Although there are more and more scholars realizing the importance of healthy sleep habit, little attention has been paid to the effect of short-term SD on bone metabolism. In this study, 6-week-old Wistar male rats were subjected to continuous 72-hour sleep deprivation by modified multi-platform method. The differences between SD rats and NC rats of serum BTMs were compared, and the changes of BTMs during the intervention of SD were monitored. It was found that acute SD quickly broke the balance of bone remodeling, abnormal bone turnover, and up-regulated the expression of mRNA related to bone resorption and bone remodeling in bone tissues.

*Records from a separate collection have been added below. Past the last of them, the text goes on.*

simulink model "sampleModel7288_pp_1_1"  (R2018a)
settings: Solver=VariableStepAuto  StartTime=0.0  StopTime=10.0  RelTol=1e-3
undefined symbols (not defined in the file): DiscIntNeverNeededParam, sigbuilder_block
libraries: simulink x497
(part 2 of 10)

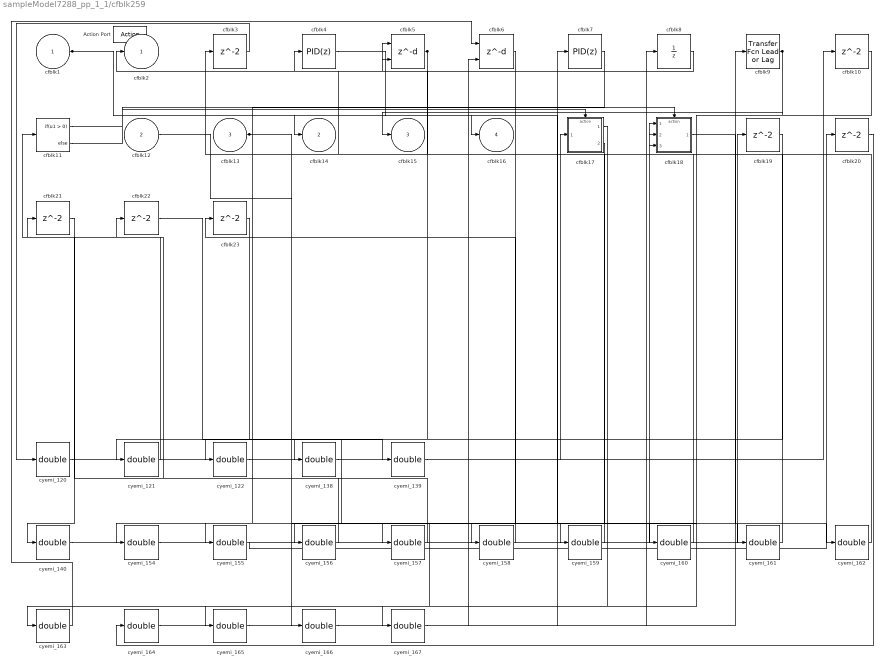
== system sampleModel7288_pp_1_1/cfblk259 ==
  cfblk1 : Inport
  cfblk12 : Inport  Port=2
  cfblk13 : Inport  Port=3
  Action Port : ActionPort  ActionType=else
  cfblk{3,10,19..23} (7 alike) : Delay
  cfblk11 : If  SampleTime=1
  cfblk17 : Subsystem  TreatAsAtomicUnit=on
  cfblk18 : Subsystem  TreatAsAtomicUnit=on
  cfblk4 : simulink/Continuous/PID Controller  Controller=PID  TimeDomain=Discrete-time  SampleTime=-1  IntegratorMethod=Forward Euler  FilterMethod=Forward Euler  Form=Parallel  UseFilter=on  ControllerParametersSource=internal  P=1  I=1  D=0  N=100  InitialConditionSource=internal  InitialConditionForIntegrator=0  InitialConditionForFilter=0  ExternalReset=none  LimitOutput=off  UpperSaturationLimit=inf  LowerSaturationLimit=-inf  LinearizeAsGain=off  AntiWindupMode=none  Kb=1  TrackingMode=off  Kt=1  PParamMin=[]  PParamMax=[]  IParamMin=[]  IParamMax=[]  DParamMin=[]  DParamMax=[]  NParamMin=[]  NParamMax=[]  KbParamMin=[]  KbParamMax=[]  KtParamMin=[]  KtParamMax=[]  POutMin=[]  POutMax=[]  IOutMin=[]  IOutMax=[]  DOutMin=[]  DOutMax=[]  NOutMin=[]  NOutMax=[]  KbOutMin=[]  KbOutMax=[]  KtOutMin=[]  KtOutMax=[]  IntegratorOutMin=[]  IntegratorOutMax=[]  FilterOutMin=[]  FilterOutMax=[]  SumOutMin=[]  SumOutMax=[]  SumI1OutMin=[]  SumI1OutMax=[]  SumI2OutMin=[]  SumI2OutMax=[]  SumI3OutMin=[]  SumI3OutMax=[]  SumDOutMin=[]  SumDOutMax=[]  SaturationOutMin=[]  SaturationOutMax=[]  IntegratorContinuousStateAttributes=''  IntegratorStateMustResolveToSignalObject=off  IntegratorRTWStateStorageClass=Auto  FilterContinuousStateAttributes=''  FilterStateMustResolveToSignalObject=off  FilterRTWStateStorageClass=Auto  DifferentiatorICPrevScaledInput=0  DifferentiatorOutMin=[]  DifferentiatorOutMax=[]  FilterDiffOutCoefMin=[]  FilterDiffOutCoefMax=[]  SumDenOutMin=[]  SumDenOutMax=[]  SumNumOutMin=[]  SumNumOutMax=[]  ReciprocalOutMin=[]  ReciprocalOutMax=[]  DivideOutMin=[]  DivideOutMax=[]  TunerSelectOption=Transfer Function Based (PID Tuner App)
  cfblk5 : Delay  DelayLengthSource=Input port
      settings: InputPortMap=u0,p1
  cfblk6 : Delay  DelayLengthSource=Input port
      settings: InputPortMap=u0,p1
  cfblk7 : simulink/Continuous/PID Controller  Controller=PID  TimeDomain=Discrete-time  SampleTime=-1  IntegratorMethod=Forward Euler  FilterMethod=Forward Euler  Form=Parallel  UseFilter=on  ControllerParametersSource=internal  P=1  I=1  D=0  N=100  InitialConditionSource=internal  InitialConditionForIntegrator=0  InitialConditionForFilter=0  ExternalReset=none  LimitOutput=off  UpperSaturationLimit=inf  LowerSaturationLimit=-inf  LinearizeAsGain=off  AntiWindupMode=none  Kb=1  TrackingMode=off  Kt=1  PParamMin=[]  PParamMax=[]  IParamMin=[]  IParamMax=[]  DParamMin=[]  DParamMax=[]  NParamMin=[]  NParamMax=[]  KbParamMin=[]  KbParamMax=[]  KtParamMin=[]  KtParamMax=[]  POutMin=[]  POutMax=[]  IOutMin=[]  IOutMax=[]  DOutMin=[]  DOutMax=[]  NOutMin=[]  NOutMax=[]  KbOutMin=[]  KbOutMax=[]  KtOutMin=[]  KtOutMax=[]  IntegratorOutMin=[]  IntegratorOutMax=[]  FilterOutMin=[]  FilterOutMax=[]  SumOutMin=[]  SumOutMax=[]  SumI1OutMin=[]  SumI1OutMax=[]  SumI2OutMin=[]  SumI2OutMax=[]  SumI3OutMin=[]  SumI3OutMax=[]  SumDOutMin=[]  SumDOutMax=[]  SaturationOutMin=[]  SaturationOutMax=[]  IntegratorContinuousStateAttributes=''  IntegratorStateMustResolveToSignalObject=off  IntegratorRTWStateStorageClass=Auto  FilterContinuousStateAttributes=''  FilterStateMustResolveToSignalObject=off  FilterRTWStateStorageClass=Auto  DifferentiatorICPrevScaledInput=0  DifferentiatorOutMin=[]  DifferentiatorOutMax=[]  FilterDiffOutCoefMin=[]  FilterDiffOutCoefMax=[]  SumDenOutMin=[]  SumDenOutMax=[]  SumNumOutMin=[]  SumNumOutMax=[]  ReciprocalOutMin=[]  ReciprocalOutMax=[]  DivideOutMin=[]  DivideOutMax=[]  TunerSelectOption=Transfer Function Based (PID Tuner App)
  cfblk8 : UnitDelay  SampleTime=-1
  cfblk9 : simulink/Discrete/Transfer Fcn Lead or Lag  PoleZ=0.95  ZeroZ=0.75  ICPrevOutput=0.0  ICPrevInput=0.0  DoSatur=off
      settings: SourceProductName=Simulink  SourceProductBaseCode=SL
  cyemi_{120..122,138..140,154..167} (20 alike) : DataTypeConversion  OutDataTypeStr=double
  cfblk2 : Outport
  cfblk14 : Outport  Port=2
  cfblk15 : Outport  Port=3
  cfblk16 : Outport  Port=4
  wires:
  cfblk13/1 -> cyemi_159/1, cyemi_160/1
  cfblk8/1 -> cfblk2/1
  cfblk9/1 -> cfblk15/1, cyemi_154/1, cyemi_157/1
  cfblk5/1 -> cyemi_155/1, cyemi_156/1
  cfblk1/1 -> cfblk14/1, cfblk16/1
  cfblk11/1 -> cfblk17/Action
  cfblk11/2 -> cfblk18/Action
  cyemi_120/1 -> cfblk10/1
  cfblk3/1 -> cyemi_120/1
  cyemi_121/1 -> cfblk11/1
  cfblk23/1 -> cyemi_121/1
  cyemi_122/1 -> cfblk17/1(cfblk1)
  cfblk7/1 -> cyemi_122/1
  cyemi_138/1 -> cfblk18/1(cfblk1)
  cfblk19/1 -> cyemi_138/1
  cyemi_139/1 -> cfblk18/2(cfblk12)
  cfblk22/1 -> cyemi_139/1
  cyemi_140/1 -> cfblk18/3(cfblk13)
  cfblk21/1 -> cyemi_140/1
  cyemi_154/1 -> cfblk19/1
  cyemi_155/1 -> cfblk20/1
  cyemi_156/1 -> cfblk21/1
  cyemi_157/1 -> cfblk22/1
  cyemi_158/1 -> cfblk23/1
  cfblk17/2(cfblk11) -> cyemi_158/1
  cyemi_159/1 -> cfblk3/1
  cyemi_160/1 -> cfblk4/1
  cyemi_161/1 -> cfblk5/1
  cfblk4/1 -> cyemi_161/1
  cyemi_162/1 -> cfblk5/2
  cfblk18/1(cfblk2) -> cyemi_162/1
  cyemi_163/1 -> cfblk6/1
  cfblk17/1(cfblk2) -> cyemi_163/1
  cyemi_164/1 -> cfblk6/2
  cfblk20/1 -> cyemi_164/1
  cyemi_165/1 -> cfblk7/1
  cfblk10/1 -> cyemi_165/1
  cyemi_166/1 -> cfblk8/1
  cfblk12/1 -> cyemi_166/1
  cyemi_167/1 -> cfblk9/1
  cfblk6/1 -> cyemi_167/1

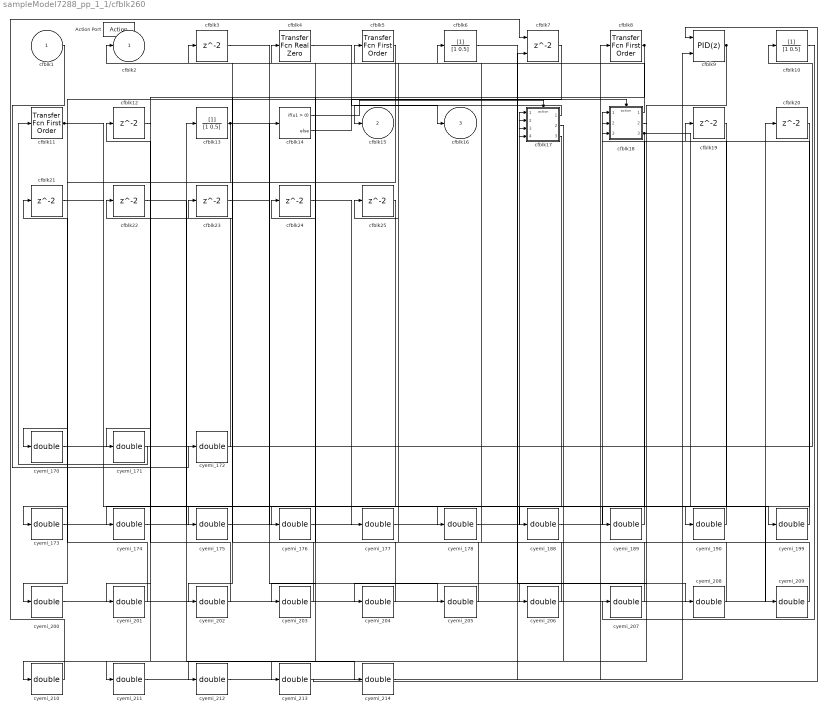
== system sampleModel7288_pp_1_1/cfblk260 ==
  cfblk1 : Inport
  Action Port : ActionPort  ActionType=then
  cfblk10 : DiscreteFilter
  cfblk11 : simulink/Discrete/Transfer Fcn First Order  PoleZ=0.95  ICPrevOutput=0.0  DoSatur=off
      settings: SourceProductName=Simulink
  cfblk{3,12,19..25} (9 alike) : Delay
  cfblk13 : DiscreteFilter
  cfblk14 : If  SampleTime=1
  cfblk17 : Subsystem  TreatAsAtomicUnit=on
  cfblk18 : Subsystem  TreatAsAtomicUnit=on
  cfblk4 : simulink/Discrete/Transfer Fcn Real Zero  ZeroZ=0.75  ICPrevInput=0.0  DoSatur=off
      settings: SourceProductName=Simulink  SourceProductBaseCode=SL
  cfblk5 : simulink/Discrete/Transfer Fcn First Order  PoleZ=0.95  ICPrevOutput=0.0  DoSatur=off
      settings: SourceProductName=Simulink
  cfblk6 : DiscreteFilter
  cfblk7 : Delay  ShowEnablePort=on
      settings: InputPortMap=u0,e6
  cfblk8 : simulink/Discrete/Transfer Fcn First Order  PoleZ=0.95  ICPrevOutput=0.0  DoSatur=off
      settings: SourceProductName=Simulink
  cfblk9 : simulink/Continuous/PID Controller (2DOF)  Controller=PID  TimeDomain=Discrete-time  SampleTime=-1  IntegratorMethod=Forward Euler  FilterMethod=Forward Euler  Form=Parallel  UseFilter=on  ControllerParametersSource=internal  P=1  I=1  D=0  N=100  b=1  c=1  InitialConditionSource=internal  InitialConditionForIntegrator=0  InitialConditionForFilter=0  ExternalReset=none  LimitOutput=off  UpperSaturationLimit=inf  LowerSaturationLimit=-inf  LinearizeAsGain=off  AntiWindupMode=none  Kb=1  TrackingMode=off  Kt=1  PParamMin=[]  PParamMax=[]  IParamMin=[]  IParamMax=[]  DParamMin=[]  DParamMax=[]  NParamMin=[]  NParamMax=[]  bParamMin=[]  bParamMax=[]  cParamMin=[]  cParamMax=[]  KbParamMin=[]  KbParamMax=[]  KtParamMin=[]  KtParamMax=[]  POutMin=[]  POutMax=[]  IOutMin=[]  IOutMax=[]  DOutMin=[]  DOutMax=[]  NOutMin=[]  NOutMax=[]  bOutMin=[]  bOutMax=[]  cOutMin=[]  cOutMax=[]  KbOutMin=[]  KbOutMax=[]  KtOutMin=[]  KtOutMax=[]  IntegratorOutMin=[]  IntegratorOutMax=[]  FilterOutMin=[]  FilterOutMax=[]  SumOutMin=[]  SumOutMax=[]  Sum1OutMin=[]  Sum1OutMax=[]  Sum2OutMin=[]  Sum2OutMax=[]  Sum3OutMin=[]  Sum3OutMax=[]  SumI1OutMin=[]  SumI1OutMax=[]  SumI2OutMin=[]  SumI2OutMax=[]  SumI3OutMin=[]  SumI3OutMax=[]  SumDOutMin=[]  SumDOutMax=[]  SaturationOutMin=[]  SaturationOutMax=[]  IntegratorContinuousStateAttributes=''  IntegratorStateMustResolveToSignalObject=off  IntegratorRTWStateStorageClass=Auto  FilterContinuousStateAttributes=''  FilterStateMustResolveToSignalObject=off  FilterRTWStateStorageClass=Auto  DifferentiatorICPrevScaledInput=0  DifferentiatorOutMin=[]  DifferentiatorOutMax=[]  FilterDiffOutCoefMin=[]  FilterDiffOutCoefMax=[]  SumDenOutMin=[]  SumDenOutMax=[]  SumNumOutMin=[]  SumNumOutMax=[]  ReciprocalOutMin=[]  ReciprocalOutMax=[]  DivideOutMin=[]  DivideOutMax=[]  TunerSelectOption=Transfer Function Based (PID Tuner App)
  cyemi_{170..178,188..190,199..214} (28 alike) : DataTypeConversion  OutDataTypeStr=double
  cfblk2 : Outport
  cfblk15 : Outport  Port=2
  cfblk16 : Outport  Port=3
  wires:
  cfblk9/1 -> cyemi_204/1, cyemi_212/1
  cfblk11/1 -> cyemi_170/1, cyemi_189/1
  cfblk17/1(cfblk2) -> cfblk15/1
  cfblk8/1 -> cyemi_201/1, cyemi_202/1, cyemi_203/1
  cfblk13/1 -> cyemi_199/1, cyemi_200/1
  cfblk18/1(cfblk2) -> cfblk2/1
  cfblk4/1 -> cfblk16/1
  cfblk18/3(cfblk14) -> cyemi_206/1, cyemi_209/1
  cfblk14/1 -> cfblk17/Action
  cfblk14/2 -> cfblk18/Action
  cyemi_170/1 -> cfblk10/1
  cyemi_171/1 -> cfblk11/1
  cfblk12/1 -> cyemi_171/1
  cyemi_172/1 -> cfblk12/1
  cfblk1/1 -> cyemi_172/1
  cyemi_173/1 -> cfblk13/1
  cfblk7/1 -> cyemi_173/1
  cyemi_174/1 -> cfblk14/1
  cfblk25/1 -> cyemi_174/1
  cyemi_175/1 -> cfblk17/1(cfblk1)
  cfblk19/1 -> cyemi_175/1
  cyemi_176/1 -> cfblk17/2(cfblk10)
  cfblk18/2(cfblk13) -> cyemi_176/1
  cyemi_177/1 -> cfblk17/3(cfblk11)
  cfblk24/1 -> cyemi_177/1
  cyemi_178/1 -> cfblk17/4(cfblk12)
  cfblk23/1 -> cyemi_178/1
  cyemi_188/1 -> cfblk18/1(cfblk1)
  cfblk21/1 -> cyemi_188/1
  cyemi_189/1 -> cfblk18/2(cfblk11)
  cyemi_190/1 -> cfblk18/3(cfblk12)
  cfblk20/1 -> cyemi_190/1
  cyemi_199/1 -> cfblk19/1
  cyemi_200/1 -> cfblk20/1
  cyemi_201/1 -> cfblk21/1
  cyemi_202/1 -> cfblk22/1
  cyemi_203/1 -> cfblk23/1
  cyemi_204/1 -> cfblk24/1
  cyemi_205/1 -> cfblk25/1
  cfblk3/1 -> cyemi_205/1
  cyemi_206/1 -> cfblk3/1
  cyemi_207/1 -> cfblk4/1
  cfblk10/1 -> cyemi_207/1
  cyemi_208/1 -> cfblk5/1
  cfblk6/1 -> cyemi_208/1
  cyemi_209/1 -> cfblk6/1
  cyemi_210/1 -> cfblk7/1
  cfblk17/2(cfblk13) -> cyemi_210/1
  cyemi_211/1 -> cfblk7/2
  cfblk5/1 -> cyemi_211/1
  cyemi_212/1 -> cfblk8/1
  cyemi_213/1 -> cfblk9/1
  cfblk17/3(cfblk14) -> cyemi_213/1
  cyemi_214/1 -> cfblk9/2
  cfblk22/1 -> cyemi_214/1

== system sampleModel7288_pp_1_1/cfblk261 ==
  cfblk1 : Inport
  cfblk12 : Inport  Port=2
  Action Port : ActionPort  ActionType=else
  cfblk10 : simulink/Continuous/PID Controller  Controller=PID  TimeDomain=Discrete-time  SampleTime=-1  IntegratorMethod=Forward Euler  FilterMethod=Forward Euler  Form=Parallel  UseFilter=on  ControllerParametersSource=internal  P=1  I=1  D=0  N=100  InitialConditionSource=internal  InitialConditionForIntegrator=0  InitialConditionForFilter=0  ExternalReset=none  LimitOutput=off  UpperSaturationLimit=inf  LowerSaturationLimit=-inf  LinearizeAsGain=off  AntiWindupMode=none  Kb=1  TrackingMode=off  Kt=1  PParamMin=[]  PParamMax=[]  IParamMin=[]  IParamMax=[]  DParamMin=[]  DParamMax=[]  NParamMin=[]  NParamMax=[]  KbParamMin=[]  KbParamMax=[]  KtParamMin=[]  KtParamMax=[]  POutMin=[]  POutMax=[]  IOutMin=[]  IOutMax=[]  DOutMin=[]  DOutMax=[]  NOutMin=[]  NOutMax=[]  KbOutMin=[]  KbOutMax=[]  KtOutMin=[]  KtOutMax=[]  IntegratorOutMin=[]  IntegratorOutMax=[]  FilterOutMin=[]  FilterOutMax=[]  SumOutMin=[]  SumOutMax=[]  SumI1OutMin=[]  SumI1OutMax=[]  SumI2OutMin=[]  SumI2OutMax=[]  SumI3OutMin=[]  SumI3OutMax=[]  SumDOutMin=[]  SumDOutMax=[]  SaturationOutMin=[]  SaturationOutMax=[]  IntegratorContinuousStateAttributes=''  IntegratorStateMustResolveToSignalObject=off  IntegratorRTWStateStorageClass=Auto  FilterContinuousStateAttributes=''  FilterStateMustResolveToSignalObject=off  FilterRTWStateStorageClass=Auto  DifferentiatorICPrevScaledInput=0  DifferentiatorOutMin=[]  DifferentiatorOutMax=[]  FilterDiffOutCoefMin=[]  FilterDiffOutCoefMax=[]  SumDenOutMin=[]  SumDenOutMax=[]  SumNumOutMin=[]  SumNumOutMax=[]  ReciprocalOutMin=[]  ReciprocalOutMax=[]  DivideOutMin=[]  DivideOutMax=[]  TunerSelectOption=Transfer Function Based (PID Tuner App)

In the previous studies, only a few small sample size cohort studies (n ≤ 20) focused on this phenomenon. Because of human, the participants have more interference factors, such as activity factors, age and sex, which can not meet the needs of the model of simple sleep deprivation. While this study also has some limitations, whether the results of this study can be deduced to the real world of human beings also needs to be further explored by clinical studies with a large sample size in the future.